◆ THE TASK ◆
Find the word "units" in the listing; pull out each line holding it.

◆ SOURCE DATA ◆

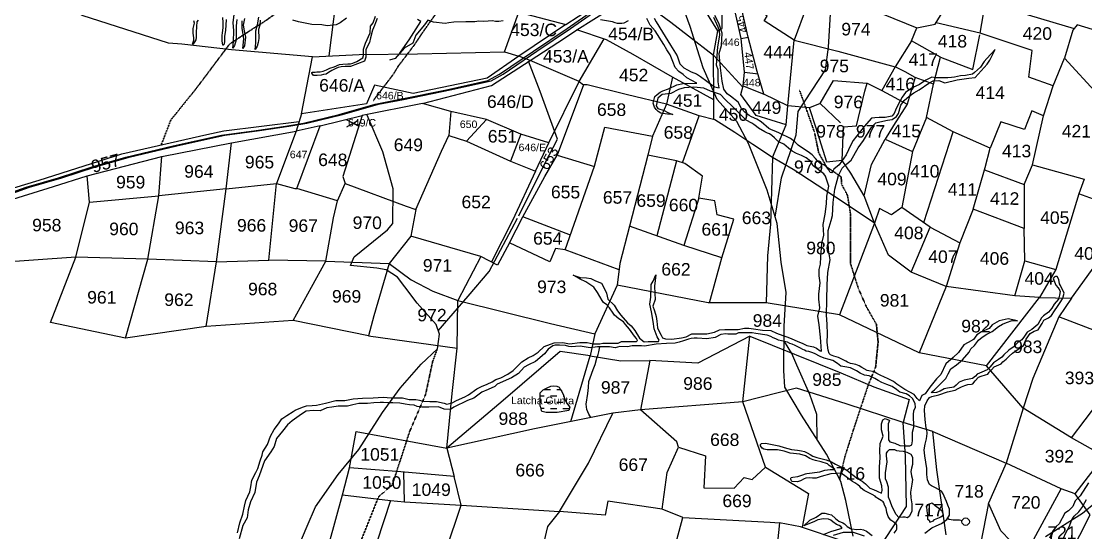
# Model space of a CAD drawing. Header units: inches. Extents: x 304037 to 460575, y 1453943 to 1639883.
# Drawn here: x 343089 to 345989, y 1588310 to 1589703 of the extents above; entities that cross this region are included whole.
import ezdxf

# ---------------------------------------------------------------- set-up
doc = ezdxf.new("R2010")
doc.units = ezdxf.units.IN
doc.header["$MEASUREMENT"] = 0
doc.linetypes.add('ACAD_ISO02W100', pattern=[15, 12, -3])
doc.linetypes.add('ACAD_ISO07W100', pattern=[3, 0, -3])
for name, color, linetype in [('CARTTRACK', 30, 'ACAD_ISO02W100'), ('NALA', 4, 'Continuous'), ('SURVEY_BND', 7, 'Continuous'), ('SURVEY_NO', 7, 'Continuous'), ('WATER_BODY', 4, 'Continuous')]:
    doc.layers.add(name, color=color, linetype=linetype)
doc.layers.add('FOOTPATH', color=150, linetype='ACAD_ISO07W100', lineweight=30)
doc.layers.add('ROAD', color=1, linetype='Continuous', lineweight=25)
doc.styles.get("Standard").update_dxf_attribs({"font": 'arial.ttf'})
doc.dimstyles.get("Standard").update_dxf_attribs({"dimtxt": 0.18, "dimasz": 0.18, "dimexe": 0.18, "dimexo": 0.0625, "dimgap": 0.09, "dimtad": 0, "dimtih": 1, "dimtoh": 1, "dimdec": 4, "dimzin": 0, "dimdsep": 46, "dimtxsty": 'Standard', "dimcen": 0.09, "dimadec": 0, "dimazin": 0, "dimtfac": 1, "dimtdec": 4, "dimtofl": 0, "dimtmove": 0, "dimatfit": 3, "dimfxl": 0, "dimtolj": 1, "dimtzin": 0, "dimarcsym": 0})
pattern_1 = [(0, (1710.635, -71.4958), (1.25, 1.25), [1.25, -1.25])]

# ---------------------------------------------------------------- blocks, each defined once
blk = doc.blocks.new('DACHURU')
at = {"layer": 'WATER_BODY'}
h = blk.add_hatch(dxfattribs=at)
h.set_pattern_fill('DASH', color=256, scale=10, style=0)
h.set_pattern_definition(pattern_1)
h.paths.add_polyline_path([(2135.03, 410.71), (2134.54, 410.92), (2133.91, 410.97), (2133.35, 410.86), (2132.63, 410.57), (2131.88, 410.18), (2131.26, 409.57), (2131.26, 408.74), (2131.26, 407.54), (2131.28, 406.97), (2131.44, 406.43), (2131.56, 405.97), (2131.69, 405.81), (2132.5, 405.65), (2134.67, 405.65), (2136.97, 406.07), (2137.18, 406.74), (2136.5, 407.57), (2136.19, 408.25), (2135.94, 409.1), (2135.57, 409.83), (2135.23, 410.29)])
h.paths.add_polyline_path([(2125.06, 406.85), (2137.84, 406.85), (2137.84, 409.21), (2125.06, 409.21)], flags=9)
h = blk.add_hatch(dxfattribs=at)
h.set_pattern_fill('DASH', color=256, scale=10, style=0)
h.set_pattern_definition(pattern_1)
h.paths.add_polyline_path([(2132.63, 410.57), (2131.88, 410.18), (2131.26, 409.57), (2131.26, 408.74), (2131.26, 407.54), (2131.28, 406.97), (2131.44, 406.43), (2131.56, 405.97), (2131.69, 405.81), (2132.5, 405.65), (2134.67, 405.65), (2136.97, 406.07), (2137.18, 406.74), (2136.5, 407.57), (2136.19, 408.25), (2135.94, 409.1), (2135.57, 409.83), (2135.23, 410.29), (2135.03, 410.71), (2134.54, 410.92), (2133.91, 410.97), (2133.35, 410.86)])
at = {"layer": 'CARTTRACK'}
for points in [[(2193.78, 381.34), (2192.26, 388.42), (2191.26, 392.22), (2188.37, 397.62), (2183.38, 405.36), (2180.01, 410.96), (2179.77, 414.25), (2179.79, 423.07), (2180.16, 429.83), (2179.17, 435.85), (2178.31, 443.53), (2176.28, 450.15), (2172.53, 459.43), (2170.19, 463.85), (2166.24, 468.19), (2163.41, 474.46), (2160.77, 482.69), (2158.8, 487.92)], [(2232.1, 381.46), (2239.5, 386.12), (2245.04, 390.81)], [(2177.92, 444.79), (2179.11, 452.67), (2181.98, 461.2), (2182.4, 465.91), (2187.76, 474.23), (2188.36, 478.71), (2189.15, 493.54), (2188.87, 502.06), (2188.04, 510.27)], [(2110.88, 421.79), (2116.8, 428.76), (2120.98, 433.69), (2126.82, 444.82), (2131.94, 455.28), (2134.42, 460.09), (2130.91, 469.58), (2128.59, 475.63)], [(2081.45, 374.37), (2084.94, 382.75), (2086.6, 386.61), (2091.11, 393.05), (2095.15, 398.07), (2099.88, 405.45), (2103.35, 410.31), (2107.51, 415.14), (2110.72, 418.23), (2111.1, 421.15), (2110.44, 423.08), (2106.66, 427.3), (2104.2, 430.56), (2102.71, 432.43), (2100.42, 433.92), (2098.55, 434.21), (2093.31, 434.71), (2094.07, 436.46), (2100.68, 441.87), (2101.7, 443.14), (2101.73, 450.03), (2099.63, 457.39), (2096.46, 464.71)], [(2186.54, 400.46), (2186.42, 405.52), (2184.97, 409.52), (2182.36, 415.31), (2181.4, 417.64), (2179.92, 420.01)]]:
    blk.add_lwpolyline(points, dxfattribs=at)
at = {"layer": 'FOOTPATH', "ltscale": 0.0001}
for points in [[(2055.47, 458.58), (2057.36, 463.54), (2062.33, 469.76), (2067.26, 476.39), (2068.98, 478.72), (2072.77, 481.24), (2076.2, 483.45), (2079.72, 486), (2084.2, 489.9), (2087.64, 493.17), (2090.37, 496.18), (2091.36, 499.29), (2093.97, 503.39), (2096.1, 509.69), (2098.1, 518.21), (2100.44, 525.47), (2101.21, 530.41), (2103.73, 536.31), (2105.48, 539.93), (2109.44, 537.37), (2113.32, 534.69), (2117.41, 531.5), (2120.44, 528.37), (2122.73, 526.58)], [(2097.64, 467.56), (2101.64, 472.85), (2102.65, 474.53), (2105.75, 478.66), (2107.39, 481.13), (2108.4, 482.6), (2112.32, 488.2)], [(2191.01, 392.69), (2192.08, 397.24), (2193.72, 402.48), (2195.39, 407.65), (2196.7, 411.62), (2198.09, 415.05), (2198.55, 420.04), (2198.19, 423.55), (2196.17, 427.06), (2194.53, 430.77), (2192.94, 435.73), (2192.94, 442.78), (2192.94, 445.4), (2192.3, 449.23), (2191.13, 451.39), (2191.02, 452.9), (2188.1, 454.87), (2186.51, 457.68), (2185.66, 461.72), (2184.14, 465.97), (2182.65, 470.05)], [(2084.48, 358.49), (2086.17, 361.96), (2090.3, 369.3), (2093.09, 374.4), (2095.37, 379.03), (2099.15, 388.65), (2101.87, 391.04), (2105.29, 401.72), (2108.43, 409.13), (2109.79, 415.65), (2110.72, 418.23)]]:
    blk.add_lwpolyline(points, dxfattribs=at)
at = {"layer": 'NALA'}
for points in [[(2153.55, 484.32), (2153.96, 483.6), (2155.24, 481.57), (2156.88, 478.98), (2158.23, 476.84), (2158.76, 475.28), (2159.52, 474.45), (2161.01, 473.7), (2162.07, 473.26), (2162.86, 472.72), (2164.15, 471.83), (2165.71, 470.68), (2166.59, 470.5), (2166.42, 471.72), (2166.37, 474.08), (2166.04, 475.05), (2166.31, 478.7), (2166.68, 481.02), (2166.63, 481.85), (2166.34, 482.6), (2165.45, 484.51)], [(2235.62, 380.99), (2236.25, 382.35), (2236.82, 383.4), (2237.36, 384.78), (2237.78, 385.56), (2238.74, 386.42), (2239.32, 387.22), (2240.24, 388.88)], [(2240.61, 392.2), (2238.97, 389.58), (2238, 388.56), (2237.52, 387.44), (2236.7, 386.61), (2235.93, 386.1), (2234.83, 383.97), (2234.22, 383.45), (2233.49, 382.44), (2232.95, 381.12)], [(2208.09, 382.01), (2209.43, 383.05), (2210.29, 383.48), (2211.41, 383.94), (2212.42, 384.74), (2212.99, 385.6), (2212.99, 386.8), (2212.64, 387.59), (2212.32, 388.31), (2212.08, 388.93), (2211.69, 389.86), (2211.37, 390.38), (2210.14, 391.06), (2209.36, 391.43), (2208.97, 391.69), (2208.52, 392.64), (2208.37, 393.66), (2208.37, 394.89), (2207.96, 397.41), (2207.83, 398.58), (2208.04, 399.74), (2208.32, 400.78), (2208.43, 401.84), (2208.37, 402.62), (2208.21, 402.92), (2208, 404.66), (2207.89, 406.45), (2207.91, 407.36), (2208.37, 408.34), (2208.86, 409.01), (2209.32, 409.2), (2210.74, 409.57), (2212.43, 410.17), (2213.95, 410.51), (2214.54, 410.88), (2215.23, 411.18), (2215.9, 411.46), (2216.5, 411.67), (2217.2, 411.74), (2217.47, 411.83), (2217.95, 412.37), (2218.58, 413.1), (2219.12, 413.34), (2220.02, 413.62), (2220.46, 413.71), (2220.74, 414.12), (2221.15, 414.62), (2221.73, 415.18), (2223.09, 415.84), (2223.43, 416.21), (2224.06, 416.77), (2224.71, 417.33), (2225.35, 417.94), (2227.53, 419.47), (2228.03, 420.73), (2228.83, 421.9), (2229.62, 422.38), (2230.42, 422.6), (2230.79, 423.14), (2231.22, 423.87), (2231.57, 424.56), (2232.49, 425.03), (2233.06, 425.53), (2233.66, 426.43), (2234.24, 427.3), (2234.94, 428.29), (2235.3, 428.96), (2235.61, 429.98), (2234.82, 431.51), (2234.63, 431.81), (2234.52, 432.69), (2234.14, 433.3), (2233.87, 433.26), (2233.57, 433.15), (2233.36, 432.84), (2233.66, 432.18), (2233.92, 431.57), (2234.39, 431.03), (2234.72, 430.51), (2234.76, 430.29), (2234.68, 429.54), (2234.44, 428.74), (2233.57, 427.78), (2233.14, 426.93), (2232.5, 426.15), (2231.48, 425.44), (2231.07, 424.99), (2230.77, 424.42), (2230.36, 423.71), (2229.15, 422.68), (2228.22, 422.18), (2227.7, 421.36), (2227.19, 420.61), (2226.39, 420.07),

◆ SOLUTION FOR THIS PROBLEM ◆
# Model space of a CAD drawing. Header units: inches. Extents: x 304037 to 460575, y 1453943 to 1639883.
doc.units = ezdxf.units.IN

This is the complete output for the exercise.